● RECORDS FOR THIS TASK
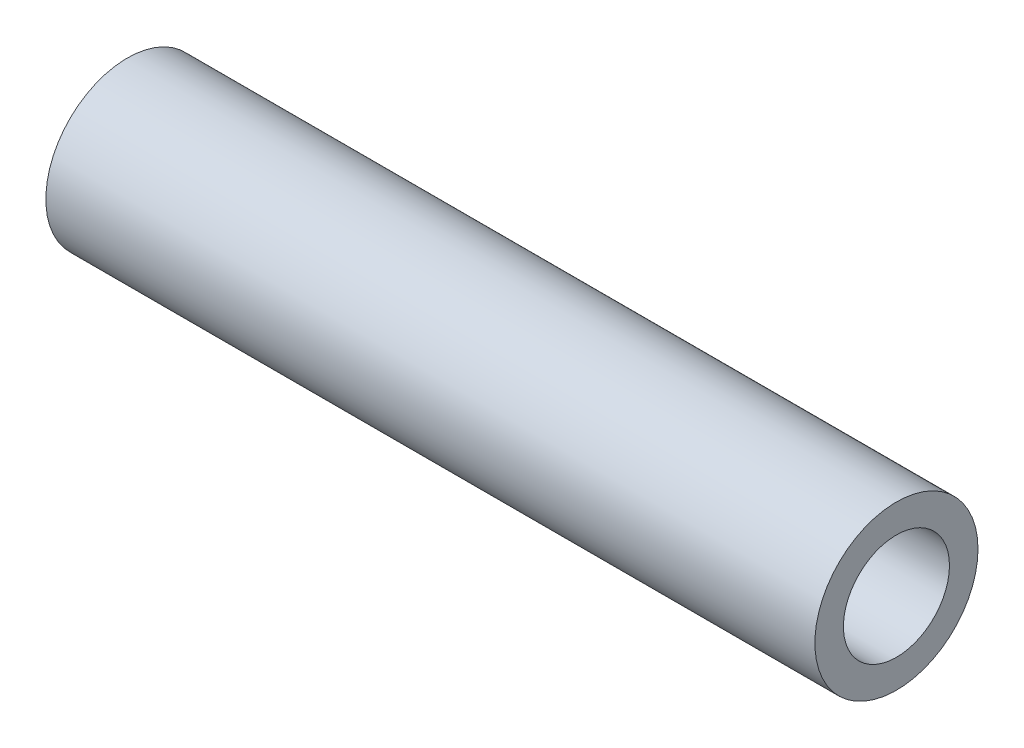
from build123d import *

# Parameters (mm, degrees)
SKETCH1_R           = 3.5
SKETCH1_R_2         = 2.275
BOSS_EXTRUDE1_DEPTH = 33


with BuildPart() as part:
    # Sketch1 → Boss-Extrude1 (new body)
    with BuildSketch(Plane(origin=(0, 0, 0), x_dir=(0, 0, -1), z_dir=(1, 0, 0))):
        Circle(SKETCH1_R)
        Circle(SKETCH1_R_2, mode=Mode.SUBTRACT)
    extrude(amount=BOSS_EXTRUDE1_DEPTH)


solid = part.part

● EXERCISE PROMPT
A verbatim copy of the data, free of pictures, is the expected answer.

● RESPONSE TO THE EXERCISE
from build123d import *

# Parameters (mm, degrees)
SKETCH1_R           = 3.5
SKETCH1_R_2         = 2.275
BOSS_EXTRUDE1_DEPTH = 33


with BuildPart() as part:
    # Sketch1 → Boss-Extrude1 (new body)
    with BuildSketch(Plane(origin=(0, 0, 0), x_dir=(0, 0, -1), z_dir=(1, 0, 0))):
        Circle(SKETCH1_R)
        Circle(SKETCH1_R_2, mode=Mode.SUBTRACT)
    extrude(amount=BOSS_EXTRUDE1_DEPTH)


solid = part.part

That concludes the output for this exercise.